The central idea of the increase in taxes on gambling is to generate more revenue to fund healthcare, education and the welfare system in the country. Additionally, it is planned to create a Green Future Fund, worth DKK25bn, which will invest in environmentally friendly businesses and initiatives.
The hike came after operators in the country voluntarily introduced an improved code of conduct. This sets out a series of standards for advertising and player protection in Denmark. This code was introduced in July this year and was developed by the Danish Online Gaming Association, the slot machine operator Dansk Automat Brancheforening, and the casino operator groups Dansk Kasinoforening and Aarhus-based Royal Casino.
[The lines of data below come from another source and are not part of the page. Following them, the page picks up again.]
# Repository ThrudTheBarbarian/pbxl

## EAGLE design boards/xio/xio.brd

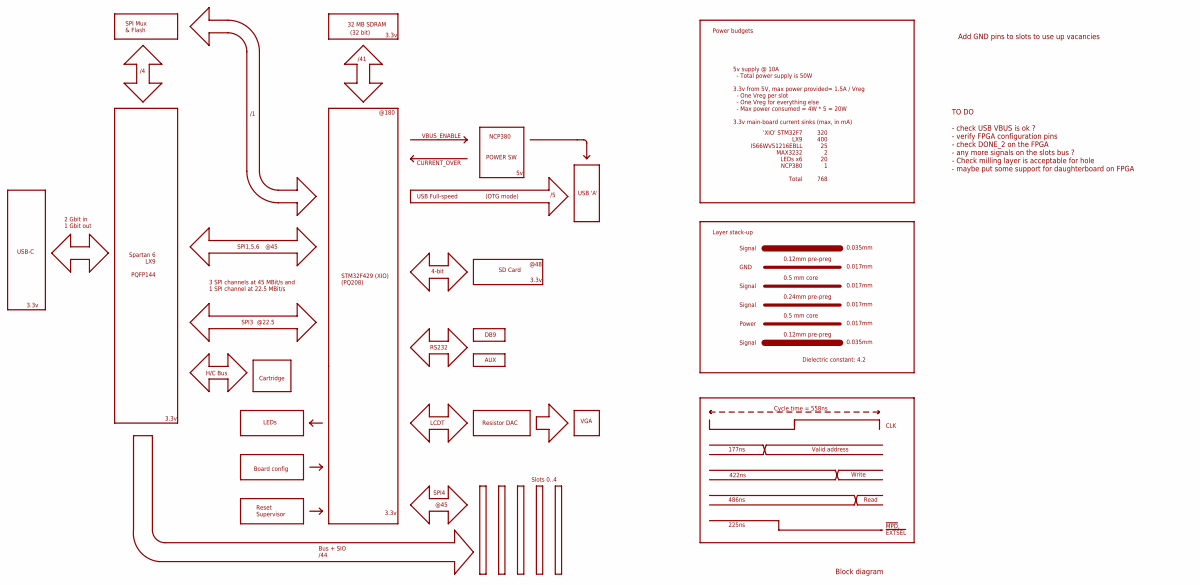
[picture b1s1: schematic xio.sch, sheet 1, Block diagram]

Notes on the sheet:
USB-C
3.3v
STM32F429 (XIO) (PQ208)
SPI4
@45
Slots 0..4
Bus + SIO /44
RS232
32 MB SDRAM
/41
(32 bit)
POWER SW
USB Full-speed
CURRENT_OVER
VBUS_ENABLE
SD Card
@48
@180
NCP380
(OTG mode)
USB 'A'
DB9
5v supply @ 10A - Total power supply is 50W 3.3v from 5V, max power provided= 1.5A / Vreg - One Vreg per slot - One Vreg for everything else - Max power consumed = 4W * 5 = 20W 3.3v main-board current sinks (max, in mA)
'XIO' STM32F7 LX9 IS66WV51216EBLL MAX3232 LEDs x6 NCP380 Total
320 400 25 2 20 1 768
0.5 mm core
0.12mm pre-preg
0.035mm
0.017mm
Layer stack-up
GND
Power
Dielectric constant: 4.2
Cycle time = 558ns
Valid address
Write
Read
177ns
422ns
486ns

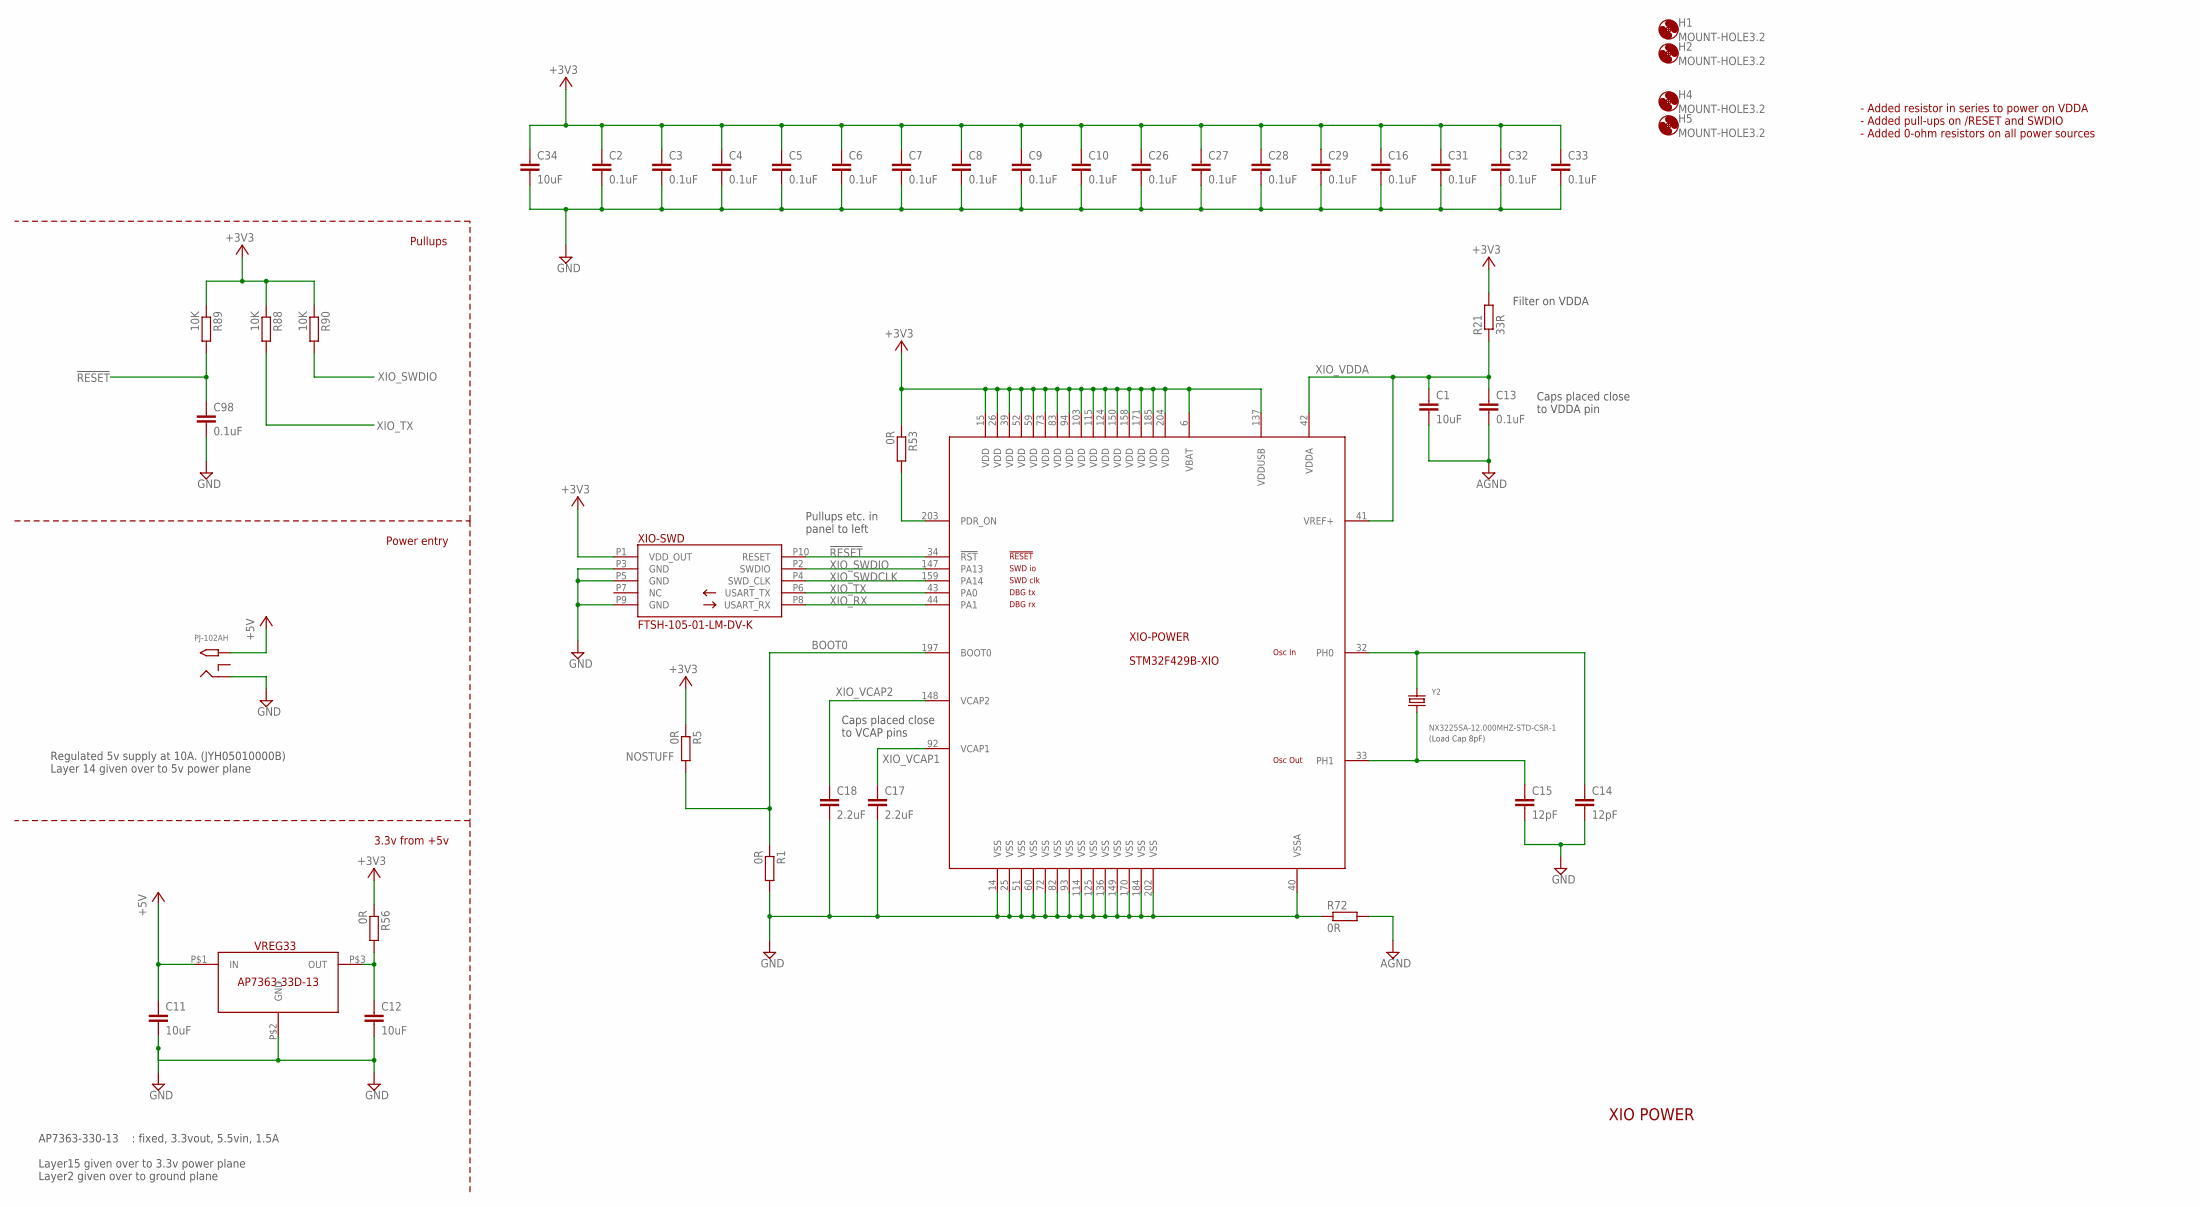
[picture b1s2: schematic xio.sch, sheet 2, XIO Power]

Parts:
C1, C11, C12, C34: 10uF; C0402K
C2, C3, C4, C5, C6, C7, C8, C9, C10, C13, C16, C26, C27, C28, C29, C31, C32, C33, C98: 0.1uF; C0402K
C14, C15: 12pF; C0402K
C17, C18: 2.2uF; C0402K
H1, H2, H4, H5: MOUNT-HOLE3.2; 3,2
PJ-102AH: PJ-102AH; PJ-102A
R1, R5, R53, R56, R72: 0R; R0402
R21: 33R; R0402
R88, R89, R90: 10K; R0402
VREG33: AP7363-33D-13; TO252-3L
XIO: STM32F429B-XIO; PQFP208
XIO-SWD: FTSH-105-01-LM-DV-K; SWD_DEBUG
Y2: NX3225SA-12.000MHZ-STD-CSR-1; CRYSTAL_3.2X2.5

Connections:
!RESET!: C98.1, R89.2, XIO.34 (!RST!), XIO-SWD.P10 (RESET); also elsewhere on the board
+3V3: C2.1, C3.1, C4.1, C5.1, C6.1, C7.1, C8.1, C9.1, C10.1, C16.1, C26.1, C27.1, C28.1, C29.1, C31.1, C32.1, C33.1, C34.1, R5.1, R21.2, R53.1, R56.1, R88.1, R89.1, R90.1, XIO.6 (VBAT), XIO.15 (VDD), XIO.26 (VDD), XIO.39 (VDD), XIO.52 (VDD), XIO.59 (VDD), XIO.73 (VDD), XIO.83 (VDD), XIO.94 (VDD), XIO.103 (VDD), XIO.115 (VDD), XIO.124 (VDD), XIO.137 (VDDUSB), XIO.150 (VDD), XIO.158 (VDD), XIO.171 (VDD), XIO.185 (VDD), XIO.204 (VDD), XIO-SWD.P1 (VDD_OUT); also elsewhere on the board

Since its regulation, the Danish market has been perceived as an example that should be followed by other regulatory jurisdictions. Recently, however, results have shown that the market has begun to decline. In the third quarter or 2019, for example, the revenue from gambling in Denmark fell to DKK1.61bn. Although this is marginal, it is believed to be as a result of falling contributions from sports betting and land-based gaming machines.
Spillemyndigheden’s New Marketing Campaign
At the start of December, the Danish regulator began a new campaign to promote its ‘StopSpillet’ gaming addiction program, encouraging people to seek help.
StopSpillet was launched in January and is a helpline that has taken almost 700 calls from consumers who suffer from a gambling addiction, or who know someone who is suffering from the problem.
The new campaign features three 30-second long video adverts that will run across national television, social media and streaming services. These have the aim of promoting how StopSpillet can help consumers in need.
The films each depict a different person. One shows a father, one a mother, and one a young footballer. Each of these are shown in different everyday situations, but they are all depicted as hiding their gambling habits from their family and friends. There is also a voiceover to inform viewers of their inner thoughts about their issues relating to gambling.
The regulator hopes that this will help to demonstrate how StopSpillet can help consumers and the campaign is running with the tagline of “if you can’t say it out loud you can tell us”.
The regulator is also trialing a new chat feature on the StopSpillet website that will allow consumers to chat with expert advisors online, quickly and easily.
In September, the regulator praised the success of the StopSpillet program, saying that 348 calls had been taken in the six months before the 30th of June 2019. This number has risen significantly since July, with a further 152 calls made in the period between the and the 11th of September.
Of the 500 calls made in the period, 46% were players and 39% were relatives of gamblers. An additional 5% were healthcare professionals and 10% called for advice on gambling.
The majority of callers were men, making up 85% of the phone calls. Women made up 15% but for relatives calling on behalf of gamblers, women dominated, making up 69% of callers.